Grumman construction log for the Apollo 11 LM Eagle.Grumman Apollo 11 Lunar Module Handwritten Construction and Testing Log Book. A May to December 1968 log, in original Grumman sequencing (not chronological), with approximately sixty-five single-sided handwritten 8" x 11" pages in binder, of construction and testing of LM-5 (Eagle), the first ship to land on the moon. It was written in Ace Room III, where electronics and attitude control rockets were being tested (and occasionally redesigned or replaced). The last entry in this volume is dated December 31, 1968, shortly after Apollo 8 returned from its trip into moon orbit. Written in the hands of Joe Neilsen, P. Rosone, B. Zegaroski, T. Woods, and other Apollo engineers, this Log is like peering into a time capsule. This volume is the original, and the only one in existence. It contains the actual handwritten pages in blue and black ink and pencil - which include the entry (5/21/68) in which Paul Rosone included a hand-drawn illustration in response to a decision about "lines that will be broken to install 490 pack (long story)" and (9/18/68) Joe Neilsen's ink-smudged fingerprints on a page describing his very frustrating night with the attitude control rocket valves. These pages are the original written, dated, and signed sheets by the top Apollo engineers who wrote them. A true museum piece, filled with untold nuggets for the discerning collector or historian. Very fine condition.

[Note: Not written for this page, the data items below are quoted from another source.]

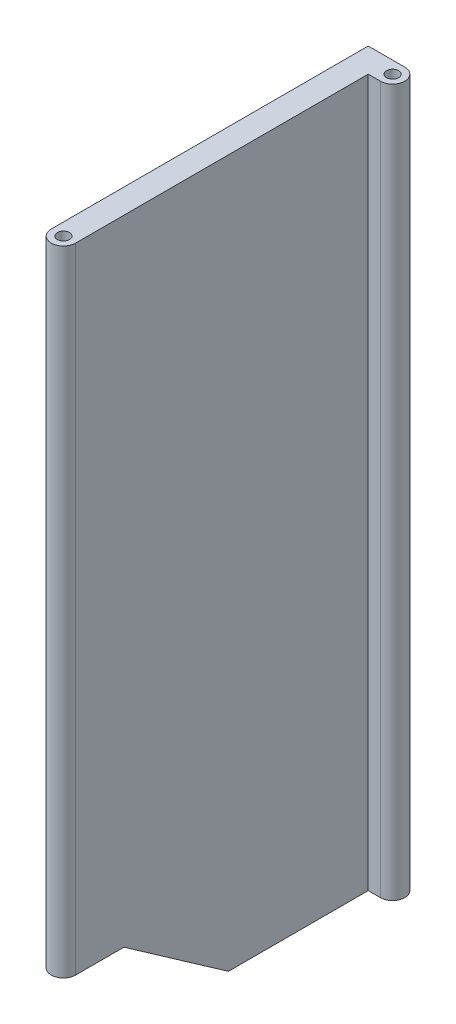
ISO-10303-21;
HEADER;
FILE_DESCRIPTION(('STEP AP214'),'2;1');
FILE_NAME('part.step','',(''),(''),'','','');
FILE_SCHEMA(('AUTOMOTIVE_DESIGN { 1 0 10303 214 1 1 1 1 }'));
ENDSEC;
DATA;
#1=APPLICATION_CONTEXT('core data for automotive mechanical design processes');
#2=APPLICATION_PROTOCOL_DEFINITION('international standard','automotive_design',2000,#1);
#3=PRODUCT_CONTEXT('',#1,'mechanical');
#4=PRODUCT('Part','Part','',(#3));
#5=PRODUCT_RELATED_PRODUCT_CATEGORY('part','',(#4));
#6=PRODUCT_DEFINITION_FORMATION('','',#4);
#7=PRODUCT_DEFINITION_CONTEXT('part definition',#1,'design');
#8=PRODUCT_DEFINITION('design','',#6,#7);
#9=PRODUCT_DEFINITION_SHAPE('','',#8);
#10=(LENGTH_UNIT() NAMED_UNIT(*) SI_UNIT(.MILLI.,.METRE.));
#11=(NAMED_UNIT(*) PLANE_ANGLE_UNIT() SI_UNIT($,.RADIAN.));
#12=(NAMED_UNIT(*) SI_UNIT($,.STERADIAN.) SOLID_ANGLE_UNIT());
#13=UNCERTAINTY_MEASURE_WITH_UNIT(LENGTH_MEASURE(1.E-05),#10,'distance_accuracy_value','');
#14=(GEOMETRIC_REPRESENTATION_CONTEXT(3) GLOBAL_UNCERTAINTY_ASSIGNED_CONTEXT((#13)) GLOBAL_UNIT_ASSIGNED_CONTEXT((#10,
#11,#12)) REPRESENTATION_CONTEXT('',''));
#15=CARTESIAN_POINT('',(0.,0.,0.));
#16=DIRECTION('',(0.,0.,1.));
#17=DIRECTION('',(1.,0.,0.));
#18=AXIS2_PLACEMENT_3D('',#15,#16,#17);
#19=CARTESIAN_POINT('',(2.,0.,0.));
#20=DIRECTION('',(1.,0.,0.));
#21=DIRECTION('',(0.,0.,-1.));
#22=AXIS2_PLACEMENT_3D('',#19,#20,#21);
#23=PLANE('',#22);
#24=DIRECTION('',(0.,0.,-1.));
#25=VECTOR('',#24,1.);
#26=CARTESIAN_POINT('',(2.,0.,13.4660843857069));
#27=LINE('',#26,#25);
#28=CARTESIAN_POINT('',(2.,0.,13.4660843857069));
#29=VERTEX_POINT('',#28);
#30=CARTESIAN_POINT('',(2.,0.,2.));
#31=VERTEX_POINT('',#30);
#32=EDGE_CURVE('E49',#29,#31,#27,.T.);
#33=ORIENTED_EDGE('',*,*,#32,.T.);
#34=DIRECTION('',(0.,-1.,0.));
#35=VECTOR('',#34,1.);
#36=CARTESIAN_POINT('',(2.,60.8284271247462,2.));
#37=LINE('',#36,#35);
#38=CARTESIAN_POINT('',(2.,58.,2.));
#39=VERTEX_POINT('',#38);
#40=EDGE_CURVE('E151',#39,#31,#37,.T.);
#41=ORIENTED_EDGE('',*,*,#40,.F.);
#42=DIRECTION('',(0.,0.,1.));
#43=VECTOR('',#42,1.);
#44=CARTESIAN_POINT('',(2.,58.,0.));
#45=LINE('',#44,#43);
#46=CARTESIAN_POINT('',(2.,58.,26.));
#47=VERTEX_POINT('',#46);
#48=EDGE_CURVE('E101',#39,#47,#45,.T.);
#49=ORIENTED_EDGE('',*,*,#48,.T.);
#50=DIRECTION('',(0.,-1.,0.));
#51=VECTOR('',#50,1.);
#52=CARTESIAN_POINT('',(2.,58.,26.));
#53=LINE('',#52,#51);
#54=CARTESIAN_POINT('',(2.,6.00000000000001,26.));
#55=VERTEX_POINT('',#54);
#56=EDGE_CURVE('E125',#47,#55,#53,.T.);
#57=ORIENTED_EDGE('',*,*,#56,.T.);
#58=DIRECTION('',(0.,0.,-1.));
#59=VECTOR('',#58,1.);
#60=CARTESIAN_POINT('',(2.,6.00000000000002,25.));
#61=LINE('',#60,#59);
#62=CARTESIAN_POINT('',(2.,6.00000000000002,22.0349724261597));
#63=VERTEX_POINT('',#62);
#64=EDGE_CURVE('E108',#55,#63,#61,.T.);
#65=ORIENTED_EDGE('',*,*,#64,.T.);
#66=DIRECTION('',(0.,-0.573576436351041,-0.819152044288995));
#67=VECTOR('',#66,1.);
#68=CARTESIAN_POINT('',(2.,0.,13.4660843857069));
#69=LINE('',#68,#67);
#70=EDGE_CURVE('E55',#63,#29,#69,.T.);
#71=ORIENTED_EDGE('',*,*,#70,.T.);
#72=EDGE_LOOP('',(#33,#41,#49,#57,#65,#71));
#73=FACE_BOUND('',#72,.T.);
#74=ADVANCED_FACE('F34',(#73),#23,.T.);
#75=CARTESIAN_POINT('',(2.,6.00000000000002,25.));
#76=DIRECTION('',(0.,1.,0.));
#77=DIRECTION('',(0.,0.,1.));
#78=AXIS2_PLACEMENT_3D('',#75,#76,#77);
#79=PLANE('',#78);
#80=DIRECTION('',(0.,0.,-1.));
#81=VECTOR('',#80,1.);
#82=CARTESIAN_POINT('',(0.,6.00000000000002,25.));
#83=LINE('',#82,#81);
#84=CARTESIAN_POINT('',(0.,6.00000000000001,26.));
#85=VERTEX_POINT('',#84);
#86=CARTESIAN_POINT('',(0.,6.00000000000002,22.0349724261597));
#87=VERTEX_POINT('',#86);
#88=EDGE_CURVE('E121',#85,#87,#83,.T.);
#89=ORIENTED_EDGE('',*,*,#88,.T.);
#90=DIRECTION('',(-1.,0.,0.));
#91=VECTOR('',#90,1.);
#92=CARTESIAN_POINT('',(2.,6.00000000000002,22.0349724261597));
#93=LINE('',#92,#91);
#94=EDGE_CURVE('E11',#63,#87,#93,.T.);
#95=ORIENTED_EDGE('',*,*,#94,.F.);
#96=ORIENTED_EDGE('',*,*,#64,.F.);
#97=CARTESIAN_POINT('',(1.,6.00000000000001,26.));
#98=DIRECTION('',(0.,-1.,0.));
#99=DIRECTION('',(0.,0.,1.));
#100=AXIS2_PLACEMENT_3D('',#97,#98,#99);
#101=CIRCLE('',#100,1.);
#102=EDGE_CURVE('E134',#55,#85,#101,.T.);
#103=ORIENTED_EDGE('',*,*,#102,.T.);
#104=EDGE_LOOP('',(#89,#95,#96,#103));
#105=FACE_BOUND('',#104,.T.);
#106=CARTESIAN_POINT('',(1.,6.00000000000001,26.));
#107=DIRECTION('',(0.,-1.,0.));
#108=DIRECTION('',(0.,0.,-1.));
#109=AXIS2_PLACEMENT_3D('',#106,#107,#108);
#110=CIRCLE('',#109,0.5);
#111=CARTESIAN_POINT('',(1.,6.00000000000001,25.5));
#112=VERTEX_POINT('',#111);
#113=EDGE_CURVE('E139',#112,#112,#110,.T.);
#114=ORIENTED_EDGE('',*,*,#113,.F.);
#115=EDGE_LOOP('',(#114));
#116=FACE_BOUND('',#115,.T.);
#117=ADVANCED_FACE('F36',(#105,#116),#79,.F.);
#118=CARTESIAN_POINT('',(2.,0.,13.4660843857069));
#119=DIRECTION('',(0.,0.819152044288995,-0.573576436351041));
#120=DIRECTION('',(0.,0.573576436351041,0.819152044288995));
#121=AXIS2_PLACEMENT_3D('',#118,#119,#120);
#122=PLANE('',#121);
#123=DIRECTION('',(0.,-0.573576436351041,-0.819152044288995));
#124=VECTOR('',#123,1.);
#125=CARTESIAN_POINT('',(0.,0.,13.4660843857069));
#126=LINE('',#125,#124);
#127=CARTESIAN_POINT('',(0.,0.,13.4660843857069));
#128=VERTEX_POINT('',#127);
#129=EDGE_CURVE('E120',#87,#128,#126,.T.);
#130=ORIENTED_EDGE('',*,*,#129,.T.);
#131=DIRECTION('',(-1.,0.,0.));
#132=VECTOR('',#131,1.);
#133=CARTESIAN_POINT('',(2.,0.,13.4660843857069));
#134=LINE('',#133,#132);
#135=EDGE_CURVE('E42',#29,#128,#134,.T.);
#136=ORIENTED_EDGE('',*,*,#135,.F.);
#137=ORIENTED_EDGE('',*,*,#70,.F.);
#138=ORIENTED_EDGE('',*,*,#94,.T.);
#139=EDGE_LOOP('',(#130,#136,#137,#138));
#140=FACE_BOUND('',#139,.T.);
#141=ADVANCED_FACE('F210',(#140),#122,.F.);
#142=CARTESIAN_POINT('',(2.,0.,13.4660843857069));
#143=DIRECTION('',(0.,1.,0.));
#144=DIRECTION('',(0.,0.,1.));
#145=AXIS2_PLACEMENT_3D('',#142,#143,#144);
#146=PLANE('',#145);
#147=DIRECTION('',(0.,0.,-1.));
#148=VECTOR('',#147,1.);
#149=CARTESIAN_POINT('',(0.,0.,13.4660843857069));
#150=LINE('',#149,#148);
#151=CARTESIAN_POINT('',(0.,0.,0.));
#152=VERTEX_POINT('',#151);
#153=EDGE_CURVE('E88',#128,#152,#150,.T.);
#154=ORIENTED_EDGE('',*,*,#153,.T.);
#155=DIRECTION('',(-1.,0.,0.));
#156=VECTOR('',#155,1.);
#157=CARTESIAN_POINT('',(2.,0.,0.));
#158=LINE('',#157,#156);
#159=CARTESIAN_POINT('',(3.,0.,0.));
#160=VERTEX_POINT('',#159);
#161=EDGE_CURVE('E83',#160,#152,#158,.T.);
#162=ORIENTED_EDGE('',*,*,#161,.F.);
#163=CARTESIAN_POINT('',(3.,0.,1.));
#164=DIRECTION('',(0.,1.,0.));
#165=DIRECTION('',(0.,0.,1.));
#166=AXIS2_PLACEMENT_3D('',#163,#164,#165);
#167=CIRCLE('',#166,1.);
#168=CARTESIAN_POINT('',(3.,0.,2.));
#169=VERTEX_POINT('',#168);
#170=EDGE_CURVE('E158',#169,#160,#167,.T.);
#171=ORIENTED_EDGE('',*,*,#170,.F.);
#172=DIRECTION('',(1.,0.,0.));
#173=VECTOR('',#172,1.);
#174=CARTESIAN_POINT('',(2.,0.,2.));
#175=LINE('',#174,#173);
#176=EDGE_CURVE('E147',#31,#169,#175,.T.);
#177=ORIENTED_EDGE('',*,*,#176,.F.);
#178=ORIENTED_EDGE('',*,*,#32,.F.);
#179=ORIENTED_EDGE('',*,*,#135,.T.);
#180=EDGE_LOOP('',(#154,#162,#171,#177,#178,#179));
#181=FACE_BOUND('',#180,.T.);
#182=CARTESIAN_POINT('',(3.,0.,1.));
#183=DIRECTION('',(0.,1.,0.));
#184=DIRECTION('',(0.,0.,1.));
#185=AXIS2_PLACEMENT_3D('',#182,#183,#184);
#186=CIRCLE('',#185,0.5);
#187=CARTESIAN_POINT('',(3.,0.,1.5));
#188=VERTEX_POINT('',#187);
#189=EDGE_CURVE('E155',#188,#188,#186,.T.);
#190=ORIENTED_EDGE('',*,*,#189,.T.);
#191=EDGE_LOOP('',(#190));
#192=FACE_BOUND('',#191,.T.);
#193=ADVANCED_FACE('F115',(#181,#192),#146,.F.);
#194=CARTESIAN_POINT('',(2.,0.,0.));
#195=DIRECTION('',(0.,0.,1.));
#196=DIRECTION('',(1.,0.,0.));
#197=AXIS2_PLACEMENT_3D('',#194,#195,#196);
#198=PLANE('',#197);
#199=DIRECTION('',(0.,1.,0.));
#200=VECTOR('',#199,1.);
#201=CARTESIAN_POINT('',(0.,0.,0.));
#202=LINE('',#201,#200);
#203=CARTESIAN_POINT('',(0.,58.,0.));
#204=VERTEX_POINT('',#203);
#205=EDGE_CURVE('E75',#152,#204,#202,.T.);
#206=ORIENTED_EDGE('',*,*,#205,.T.);
#207=DIRECTION('',(-1.,0.,0.));
#208=VECTOR('',#207,1.);
#209=CARTESIAN_POINT('',(2.,58.,0.));
#210=LINE('',#209,#208);
#211=CARTESIAN_POINT('',(3.,58.,0.));
#212=VERTEX_POINT('',#211);
#213=EDGE_CURVE('E80',#212,#204,#210,.T.);
#214=ORIENTED_EDGE('',*,*,#213,.F.);
#215=DIRECTION('',(0.,-1.,0.));
#216=VECTOR('',#215,1.);
#217=CARTESIAN_POINT('',(3.,60.8284271247462,0.));
#218=LINE('',#217,#216);
#219=EDGE_CURVE('E152',#212,#160,#218,.T.);
#220=ORIENTED_EDGE('',*,*,#219,.T.);
#221=ORIENTED_EDGE('',*,*,#161,.T.);
#222=EDGE_LOOP('',(#206,#214,#220,#221));
#223=FACE_BOUND('',#222,.T.);
#224=ADVANCED_FACE('F77',(#223),#198,.F.);
#225=CARTESIAN_POINT('',(2.,58.,0.));
#226=DIRECTION('',(0.,-1.,0.));
#227=DIRECTION('',(0.,0.,-1.));
#228=AXIS2_PLACEMENT_3D('',#225,#226,#227);
#229=PLANE('',#228);
#230=DIRECTION('',(0.,0.,1.));
#231=VECTOR('',#230,1.);
#232=CARTESIAN_POINT('',(0.,58.,0.));
#233=LINE('',#232,#231);
#234=CARTESIAN_POINT('',(0.,58.,26.));
#235=VERTEX_POINT('',#234);
#236=EDGE_CURVE('E87',#204,#235,#233,.T.);
#237=ORIENTED_EDGE('',*,*,#236,.T.);
#238=CARTESIAN_POINT('',(1.,58.,26.));
#239=DIRECTION('',(0.,-1.,0.));
#240=DIRECTION('',(0.,0.,1.));
#241=AXIS2_PLACEMENT_3D('',#238,#239,#240);
#242=CIRCLE('',#241,1.);
#243=EDGE_CURVE('E131',#47,#235,#242,.T.);
#244=ORIENTED_EDGE('',*,*,#243,.F.);
#245=ORIENTED_EDGE('',*,*,#48,.F.);
#246=DIRECTION('',(-1.,0.,0.));
#247=VECTOR('',#246,1.);
#248=CARTESIAN_POINT('',(2.,58.,2.));
#249=LINE('',#248,#247);
#250=CARTESIAN_POINT('',(3.,58.,2.));
#251=VERTEX_POINT('',#250);
#252=EDGE_CURVE('E148',#251,#39,#249,.T.);
#253=ORIENTED_EDGE('',*,*,#252,.F.);
#254=CARTESIAN_POINT('',(3.,58.,1.));
#255=DIRECTION('',(0.,-1.,0.));
#256=DIRECTION('',(0.,0.,-1.));
#257=AXIS2_PLACEMENT_3D('',#254,#255,#256);
#258=CIRCLE('',#257,1.);
#259=EDGE_CURVE('E99',#212,#251,#258,.T.);
#260=ORIENTED_EDGE('',*,*,#259,.F.);
#261=ORIENTED_EDGE('',*,*,#213,.T.);
#262=EDGE_LOOP('',(#237,#244,#245,#253,#260,#261));
#263=FACE_BOUND('',#262,.T.);
#264=CARTESIAN_POINT('',(1.,58.,26.));
#265=DIRECTION('',(0.,-1.,0.));
#266=DIRECTION('',(0.,0.,-1.));
#267=AXIS2_PLACEMENT_3D('',#264,#265,#266);
#268=CIRCLE('',#267,0.5);
#269=CARTESIAN_POINT('',(1.,58.,25.5));
#270=VERTEX_POINT('',#269);
#271=EDGE_CURVE('E137',#270,#270,#268,.T.);
#272=ORIENTED_EDGE('',*,*,#271,.T.);
#273=EDGE_LOOP('',(#272));
#274=FACE_BOUND('',#273,.T.);
#275=CARTESIAN_POINT('',(3.,58.,1.));
#276=DIRECTION('',(0.,-1.,0.));
#277=DIRECTION('',(0.,0.,-1.));
#278=AXIS2_PLACEMENT_3D('',#275,#276,#277);
#279=CIRCLE('',#278,0.5);
#280=CARTESIAN_POINT('',(3.,58.,0.5));
#281=VERTEX_POINT('',#280);
#282=EDGE_CURVE('E142',#281,#281,#279,.T.);
#283=ORIENTED_EDGE('',*,*,#282,.T.);
#284=EDGE_LOOP('',(#283));
#285=FACE_BOUND('',#284,.T.);
#286=ADVANCED_FACE('F92',(#263,#274,#285),#229,.F.);
#287=CARTESIAN_POINT('',(0.,0.,0.));
#288=DIRECTION('',(1.,0.,0.));
#289=DIRECTION('',(0.,0.,-1.));
#290=AXIS2_PLACEMENT_3D('',#287,#288,#289);
#291=PLANE('',#290);
#292=ORIENTED_EDGE('',*,*,#88,.F.);
#293=DIRECTION('',(0.,-1.,0.));
#294=VECTOR('',#293,1.);
#295=CARTESIAN_POINT('',(0.,58.,26.));
#296=LINE('',#295,#294);
#297=EDGE_CURVE('E106',#235,#85,#296,.T.);
#298=ORIENTED_EDGE('',*,*,#297,.F.);
#299=ORIENTED_EDGE('',*,*,#236,.F.);
#300=ORIENTED_EDGE('',*,*,#205,.F.);
#301=ORIENTED_EDGE('',*,*,#153,.F.);
#302=ORIENTED_EDGE('',*,*,#129,.F.);
#303=EDGE_LOOP('',(#292,#298,#299,#300,#301,#302));
#304=FACE_BOUND('',#303,.T.);
#305=ADVANCED_FACE('F104',(#304),#291,.F.);
#306=CARTESIAN_POINT('',(1.,58.,26.));
#307=DIRECTION('',(0.,-1.,0.));
#308=DIRECTION('',(0.,0.,-1.));
#309=AXIS2_PLACEMENT_3D('',#306,#307,#308);
#310=CYLINDRICAL_SURFACE('',#309,1.);
#311=ORIENTED_EDGE('',*,*,#102,.F.);
#312=ORIENTED_EDGE('',*,*,#56,.F.);
#313=ORIENTED_EDGE('',*,*,#243,.T.);
#314=ORIENTED_EDGE('',*,*,#297,.T.);
#315=EDGE_LOOP('',(#311,#312,#313,#314));
#316=FACE_BOUND('',#315,.T.);
#317=ADVANCED_FACE('F192',(#316),#310,.T.);
#318=CARTESIAN_POINT('',(1.,58.,26.));
#319=DIRECTION('',(0.,-1.,0.));
#320=DIRECTION('',(0.,0.,-1.));
#321=AXIS2_PLACEMENT_3D('',#318,#319,#320);
#322=CYLINDRICAL_SURFACE('',#321,0.5);
#323=ORIENTED_EDGE('',*,*,#271,.F.);
#324=EDGE_LOOP('',(#323));
#325=FACE_BOUND('',#324,.T.);
#326=ORIENTED_EDGE('',*,*,#113,.T.);
#327=EDGE_LOOP('',(#326));
#328=FACE_BOUND('',#327,.T.);
#329=ADVANCED_FACE('F196',(#325,#328),#322,.F.);
#330=CARTESIAN_POINT('',(3.,60.8284271247462,1.));
#331=DIRECTION('',(0.,-1.,0.));
#332=DIRECTION('',(0.,0.,-1.));
#333=AXIS2_PLACEMENT_3D('',#330,#331,#332);
#334=CYLINDRICAL_SURFACE('',#333,1.);
#335=ORIENTED_EDGE('',*,*,#219,.F.);
#336=ORIENTED_EDGE('',*,*,#259,.T.);
#337=DIRECTION('',(0.,-1.,0.));
#338=VECTOR('',#337,1.);
#339=CARTESIAN_POINT('',(3.,60.8284271247462,2.));
#340=LINE('',#339,#338);
#341=EDGE_CURVE('E154',#251,#169,#340,.T.);
#342=ORIENTED_EDGE('',*,*,#341,.T.);
#343=ORIENTED_EDGE('',*,*,#170,.T.);
#344=EDGE_LOOP('',(#335,#336,#342,#343));
#345=FACE_BOUND('',#344,.T.);
#346=ADVANCED_FACE('F175',(#345),#334,.T.);
#347=CARTESIAN_POINT('',(2.,60.8284271247462,2.));
#348=DIRECTION('',(0.,0.,-1.));
#349=DIRECTION('',(-1.,0.,0.));
#350=AXIS2_PLACEMENT_3D('',#347,#348,#349);
#351=PLANE('',#350);
#352=ORIENTED_EDGE('',*,*,#341,.F.);
#353=ORIENTED_EDGE('',*,*,#252,.T.);
#354=ORIENTED_EDGE('',*,*,#40,.T.);
#355=ORIENTED_EDGE('',*,*,#176,.T.);
#356=EDGE_LOOP('',(#352,#353,#354,#355));
#357=FACE_BOUND('',#356,.T.);
#358=ADVANCED_FACE('F170',(#357),#351,.F.);
#359=CARTESIAN_POINT('',(3.,60.8284271247462,1.));
#360=DIRECTION('',(0.,-1.,0.));
#361=DIRECTION('',(0.,0.,-1.));
#362=AXIS2_PLACEMENT_3D('',#359,#360,#361);
#363=CYLINDRICAL_SURFACE('',#362,0.5);
#364=ORIENTED_EDGE('',*,*,#282,.F.);
#365=EDGE_LOOP('',(#364));
#366=FACE_BOUND('',#365,.T.);
#367=ORIENTED_EDGE('',*,*,#189,.F.);
#368=EDGE_LOOP('',(#367));
#369=FACE_BOUND('',#368,.T.);
#370=ADVANCED_FACE('F291',(#366,#369),#363,.F.);
#371=CLOSED_SHELL('',(#74,#117,#141,#193,#224,#286,#305,#317,#329,#346,#358,#370));
#372=MANIFOLD_SOLID_BREP('B2',#371);
#373=ADVANCED_BREP_SHAPE_REPRESENTATION('',(#18,#372),#14);
#374=SHAPE_DEFINITION_REPRESENTATION(#9,#373);
ENDSEC;
END-ISO-10303-21;

This is one of the logs consulted by Charles Pellegrino during the writing of Chariots for Apollo. It is the one from which originates J. Neilsen's October 31, 1968, entry about the floor of the LM-5 cabin being removed for a change-out of the ascent stage engine: "Crew Compartment Fit and Functional Team has $3,000,000 worth of equipment in the cabin, and they are locking it up and posting guards around it (with machine guns), so I couldn't go inside."
The log documents May and June 1968 tests of LM-5 engines under vacuum, and a surprisingly high number of electrical and valve problems with the attitude control thrusters (called "quads"), followed by hand-drawn revisions of electronics (10/24/68) and an apparently nervous hand doodling at the top of the page, around the word "LOG," followed by disputes over whether rewiring should be completed before or after test firing of quads.
Other events: 11/12/68, J. Neilsen notes that he was unable to assist with LM-5 wiring because he had been called away and "was busy on LM-7 [Apollo 13]." Within this same time frame, Neilsen was also being called away to work simultaneously on LM-6 (Apollo 12). The exhausted engineer wrote a poignant plea in the log, begging for a break in the intense schedule so he could keep a promise to take his wife to a dance. The Log shows that he was able to get rocket scientist Bill Voorhest to take his place; but Neilsen was still needed at LM-5, and wrote, "I'll come in but reluctantly (if my wife doesn't shoot me)." 11/19/68, hand-drawn charts outlining good and bad sequences in firing "quads." 11/23/68, quad wiring problems persist; power down and depressurize vehicle. 12/4/68, problems are noted with the landing radar (the same system that would lock on itself and initiate false Master Alarm warnings throughout the first lunar landing). Leak problems with corrosive propellants are noted throughout the Log, with Neilsen mentioning the brazers (Artie Falbush and John Logalbo). Falbush and Logalbo solved the fuel leak problems by inventing solid gold brazing methods. The last two pages of the LM-5 Construction Log refer to the leak problems finally being solved, clearing a path to the moon.
The Log includes a copy of the cover page from Ross Fleisig's Phase III Reliability Report, dated November 20, 1968: "Reportable failures have gone down from (205 for) KM-3, to (74 for) LM-4, 57 (for) LM-5... Significantly improved vehicle... Low [says] this is very likely to be the LM to land on the moon - it should be." From the collection of scientist and author Charles Pellegrino.